▸ WHAT THE EXERCISE ASKS: Retype, word for word, every line from the one holding "( 0., 0.00027, 0.00053, 0.00107, 0.0016, 0.00187, 0.00214" through the one holding "#19562 = CYLINDRICAL_SURFACE" in the entries below, both included, and only those lines.

(Data entries)
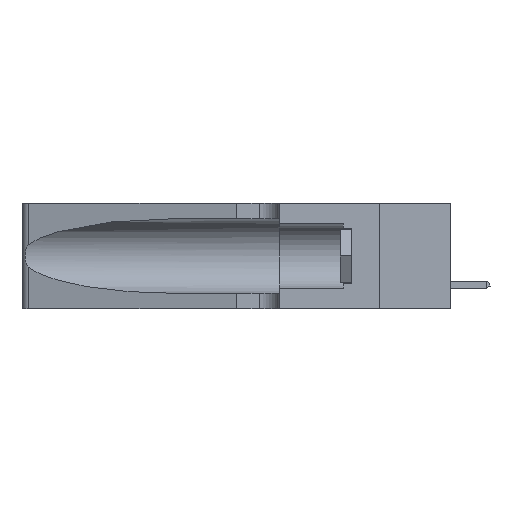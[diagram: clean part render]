
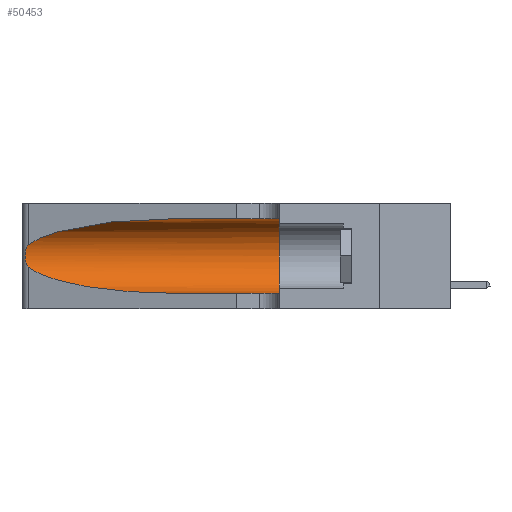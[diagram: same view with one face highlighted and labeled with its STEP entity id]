
A CAD part, left-side view. The second image highlights one B-rep face of the part: STEP entity #50453.
In plain terms, the highlighted cylindrical face has radius 3.308 mm (diameter 6.617 mm), a partial arc.
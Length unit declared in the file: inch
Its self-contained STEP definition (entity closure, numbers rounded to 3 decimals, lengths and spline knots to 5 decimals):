
#248 = VERTEX_POINT ( 'NONE', #50189 ) ;
#1574 = ORIENTED_EDGE ( 'NONE', *, *, #38173, .T. ) ;
#3138 = CARTESIAN_POINT ( 'NONE',  ( 0.2373, 1.15595, 0.28018 ) ) ;
#3678 = LINE ( 'NONE', #45136, #42321 ) ;
#4614 = CARTESIAN_POINT ( 'NONE',  ( 0.25639, 1.23184, 0.21858 ) ) ;
#5004 = VERTEX_POINT ( 'NONE', #44262 ) ;
#5144 = ORIENTED_EDGE ( 'NONE', *, *, #28658, .T. ) ;
#7184 = CARTESIAN_POINT ( 'NONE',  ( 0.25487, 1.22718, 0.22369 ) ) ;
#8057 = CARTESIAN_POINT ( 'NONE',  ( 0.1305, 0.72297, 0.05475 ) ) ;
#8646 = CARTESIAN_POINT ( 'NONE',  ( 0.26018, 1.23835, 0.19895 ) ) ;
#9101 = CARTESIAN_POINT ( 'NONE',  ( 0.25555, 1.22993, 0.14849 ) ) ;
#9441 = CARTESIAN_POINT ( 'NONE',  ( 0.25487, 1.22718, 0.14631 ) ) ;
#9750 = CARTESIAN_POINT ( 'NONE',  ( 0.1305, 0.35, 0.185 ) ) ;
#10915 = LINE ( 'NONE', #49306, #28962 ) ;
#11204 = CARTESIAN_POINT ( 'NONE',  ( 0.18966, 0.96281, 0.31525 ) ) ;
#12715 = CARTESIAN_POINT ( 'NONE',  ( 0.2373, 1.15595, 0.08982 ) ) ;
#12748 = B_SPLINE_CURVE_WITH_KNOTS ( 'NONE', 3,
 ( #27789, #20493, #4614, #40111, #32447, #8646, #28739, #16649, #20651, #20016, #48078, #24077, #9101, #9441 ),
 .UNSPECIFIED., .F., .F.,
 ( 4, 2, 2, 2, 2, 2, 4 ),
 ( 0., 0.00027, 0.00053, 0.00107, 0.0016, 0.00187, 0.00214 ),
 .UNSPECIFIED. ) ;
#13434 = DIRECTION ( 'NONE',  ( 0., -1., 0. ) ) ;
#14063 = CARTESIAN_POINT ( 'NONE',  ( 0.25487, 1.22718, 0.14631 ) ) ;
#15035 = CARTESIAN_POINT ( 'NONE',  ( 0.1305, 0.72297, 0.31525 ) ) ;
#15510 = AXIS2_PLACEMENT_3D ( 'NONE', #44932, #29000, #48948 ) ;
#16290 = CIRCLE ( 'NONE', #34412, 0.13025 ) ;
#16574 = EDGE_CURVE ( 'NONE', #248, #19196, #3678, .T. ) ;
#16649 = CARTESIAN_POINT ( 'NONE',  ( 0.26075, 1.23896, 0.178 ) ) ;
#17602 = CARTESIAN_POINT ( 'NONE',  ( 0.25487, 1.22718, 0.22369 ) ) ;
#17925 = EDGE_CURVE ( 'NONE', #248, #23382, #22664, .T. ) ;
#18138 = DIRECTION ( 'NONE',  ( 0., 0., 1. ) ) ;
#19196 = VERTEX_POINT ( 'NONE', #19462 ) ;
#19393 = EDGE_CURVE ( 'NONE', #23382, #44746, #12748, .T. ) ;
#19462 = CARTESIAN_POINT ( 'NONE',  ( 0.1305, 0.35, 0.31525 ) ) ;
#19562 = CYLINDRICAL_SURFACE ( 'NONE', #15510, 0.13025 ) ;
#20016 = CARTESIAN_POINT ( 'NONE',  ( 0.25856, 1.23593, 0.16098 ) ) ;
#20493 = CARTESIAN_POINT ( 'NONE',  ( 0.25555, 1.22994, 0.2215 ) ) ;
#20651 = CARTESIAN_POINT ( 'NONE',  ( 0.26017, 1.23833, 0.17102 ) ) ;
#22664 =( BOUNDED_CURVE ( )  B_SPLINE_CURVE ( 3, ( #15035, #11204, #3138, #7184 ),
 .UNSPECIFIED., .F., .F. ) 
 B_SPLINE_CURVE_WITH_KNOTS ( ( 4, 4 ),
 ( 1.5708, 2.84003 ),
 .UNSPECIFIED. ) 
 CURVE ( )  GEOMETRIC_REPRESENTATION_ITEM ( )  RATIONAL_B_SPLINE_CURVE ( ( 1., 0.87, 0.87, 1. ) ) 
 REPRESENTATION_ITEM ( '' )  );
#23336 = ORIENTED_EDGE ( 'NONE', *, *, #17925, .T. ) ;
#23382 = VERTEX_POINT ( 'NONE', #17602 ) ;
#24077 = CARTESIAN_POINT ( 'NONE',  ( 0.25639, 1.23186, 0.15144 ) ) ;
#24212 = EDGE_CURVE ( 'NONE', #19196, #25067, #16290, .T. ) ;
#25067 = VERTEX_POINT ( 'NONE', #35448 ) ;
#25334 = DIRECTION ( 'NONE',  ( 0., -1., 0. ) ) ;
#27789 = CARTESIAN_POINT ( 'NONE',  ( 0.25487, 1.22718, 0.22369 ) ) ;
#28658 = EDGE_CURVE ( 'NONE', #5004, #25067, #10915, .T. ) ;
#28739 = CARTESIAN_POINT ( 'NONE',  ( 0.26075, 1.23896, 0.19203 ) ) ;
#28962 = VECTOR ( 'NONE', #13434, 39.37008 ) ;
#29000 = DIRECTION ( 'NONE',  ( 0., -1., 0. ) ) ;
#32447 = CARTESIAN_POINT ( 'NONE',  ( 0.25854, 1.2359, 0.20912 ) ) ;
#34412 = AXIS2_PLACEMENT_3D ( 'NONE', #9750, #49844, #18138 ) ;
#35448 = CARTESIAN_POINT ( 'NONE',  ( 0.1305, 0.35, 0.05475 ) ) ;
#36303 = CARTESIAN_POINT ( 'NONE',  ( 0.25487, 1.22718, 0.14631 ) ) ;
#37333 =( BOUNDED_CURVE ( )  B_SPLINE_CURVE ( 3, ( #36303, #12715, #43792, #8057 ),
 .UNSPECIFIED., .F., .T. ) 
 B_SPLINE_CURVE_WITH_KNOTS ( ( 4, 4 ),
 ( 3.44316, 4.71239 ),
 .UNSPECIFIED. ) 
 CURVE ( )  GEOMETRIC_REPRESENTATION_ITEM ( )  RATIONAL_B_SPLINE_CURVE ( ( 1., 0.87, 0.87, 1. ) ) 
 REPRESENTATION_ITEM ( '' )  );
#38173 = EDGE_CURVE ( 'NONE', #44746, #5004, #37333, .T. ) ;
#38339 = EDGE_LOOP ( 'NONE', ( #23336, #40356, #1574, #5144, #38709, #46040 ) ) ;
#38709 = ORIENTED_EDGE ( 'NONE', *, *, #24212, .F. ) ;
#40111 = CARTESIAN_POINT ( 'NONE',  ( 0.25787, 1.23484, 0.2124 ) ) ;
#40356 = ORIENTED_EDGE ( 'NONE', *, *, #19393, .T. ) ;
#42321 = VECTOR ( 'NONE', #25334, 39.37008 ) ;
#43792 = CARTESIAN_POINT ( 'NONE',  ( 0.18966, 0.96281, 0.05475 ) ) ;
#44262 = CARTESIAN_POINT ( 'NONE',  ( 0.1305, 0.72297, 0.05475 ) ) ;
#44746 = VERTEX_POINT ( 'NONE', #14063 ) ;
#44932 = CARTESIAN_POINT ( 'NONE',  ( 0.1305, 1.61858, 0.185 ) ) ;
#45136 = CARTESIAN_POINT ( 'NONE',  ( 0.1305, 1.61858, 0.31525 ) ) ;
#46040 = ORIENTED_EDGE ( 'NONE', *, *, #16574, .F. ) ;
#48078 = CARTESIAN_POINT ( 'NONE',  ( 0.25789, 1.23486, 0.15765 ) ) ;
#48948 = DIRECTION ( 'NONE',  ( 0., 0., -1. ) ) ;
#49306 = CARTESIAN_POINT ( 'NONE',  ( 0.1305, 1.61858, 0.05475 ) ) ;
#49844 = DIRECTION ( 'NONE',  ( 0., 1., 0. ) ) ;
#50053 = FACE_OUTER_BOUND ( 'NONE', #38339, .T. ) ;
#50189 = CARTESIAN_POINT ( 'NONE',  ( 0.1305, 0.72297, 0.31525 ) ) ;
#50453 = ADVANCED_FACE ( 'NONE', ( #50053 ), #19562, .F. ) ;

▸ EXERCISE RESPONSE:
 ( 0., 0.00027, 0.00053, 0.00107, 0.0016, 0.00187, 0.00214 ),
 .UNSPECIFIED. ) ;
#13434 = DIRECTION ( 'NONE',  ( 0., -1., 0. ) ) ;
#14063 = CARTESIAN_POINT ( 'NONE',  ( 0.25487, 1.22718, 0.14631 ) ) ;
#15035 = CARTESIAN_POINT ( 'NONE',  ( 0.1305, 0.72297, 0.31525 ) ) ;
#15510 = AXIS2_PLACEMENT_3D ( 'NONE', #44932, #29000, #48948 ) ;
#16290 = CIRCLE ( 'NONE', #34412, 0.13025 ) ;
#16574 = EDGE_CURVE ( 'NONE', #248, #19196, #3678, .T. ) ;
#16649 = CARTESIAN_POINT ( 'NONE',  ( 0.26075, 1.23896, 0.178 ) ) ;
#17602 = CARTESIAN_POINT ( 'NONE',  ( 0.25487, 1.22718, 0.22369 ) ) ;
#17925 = EDGE_CURVE ( 'NONE', #248, #23382, #22664, .T. ) ;
#18138 = DIRECTION ( 'NONE',  ( 0., 0., 1. ) ) ;
#19196 = VERTEX_POINT ( 'NONE', #19462 ) ;
#19393 = EDGE_CURVE ( 'NONE', #23382, #44746, #12748, .T. ) ;
#19462 = CARTESIAN_POINT ( 'NONE',  ( 0.1305, 0.35, 0.31525 ) ) ;
#19562 = CYLINDRICAL_SURFACE ( 'NONE', #15510, 0.13025 ) ;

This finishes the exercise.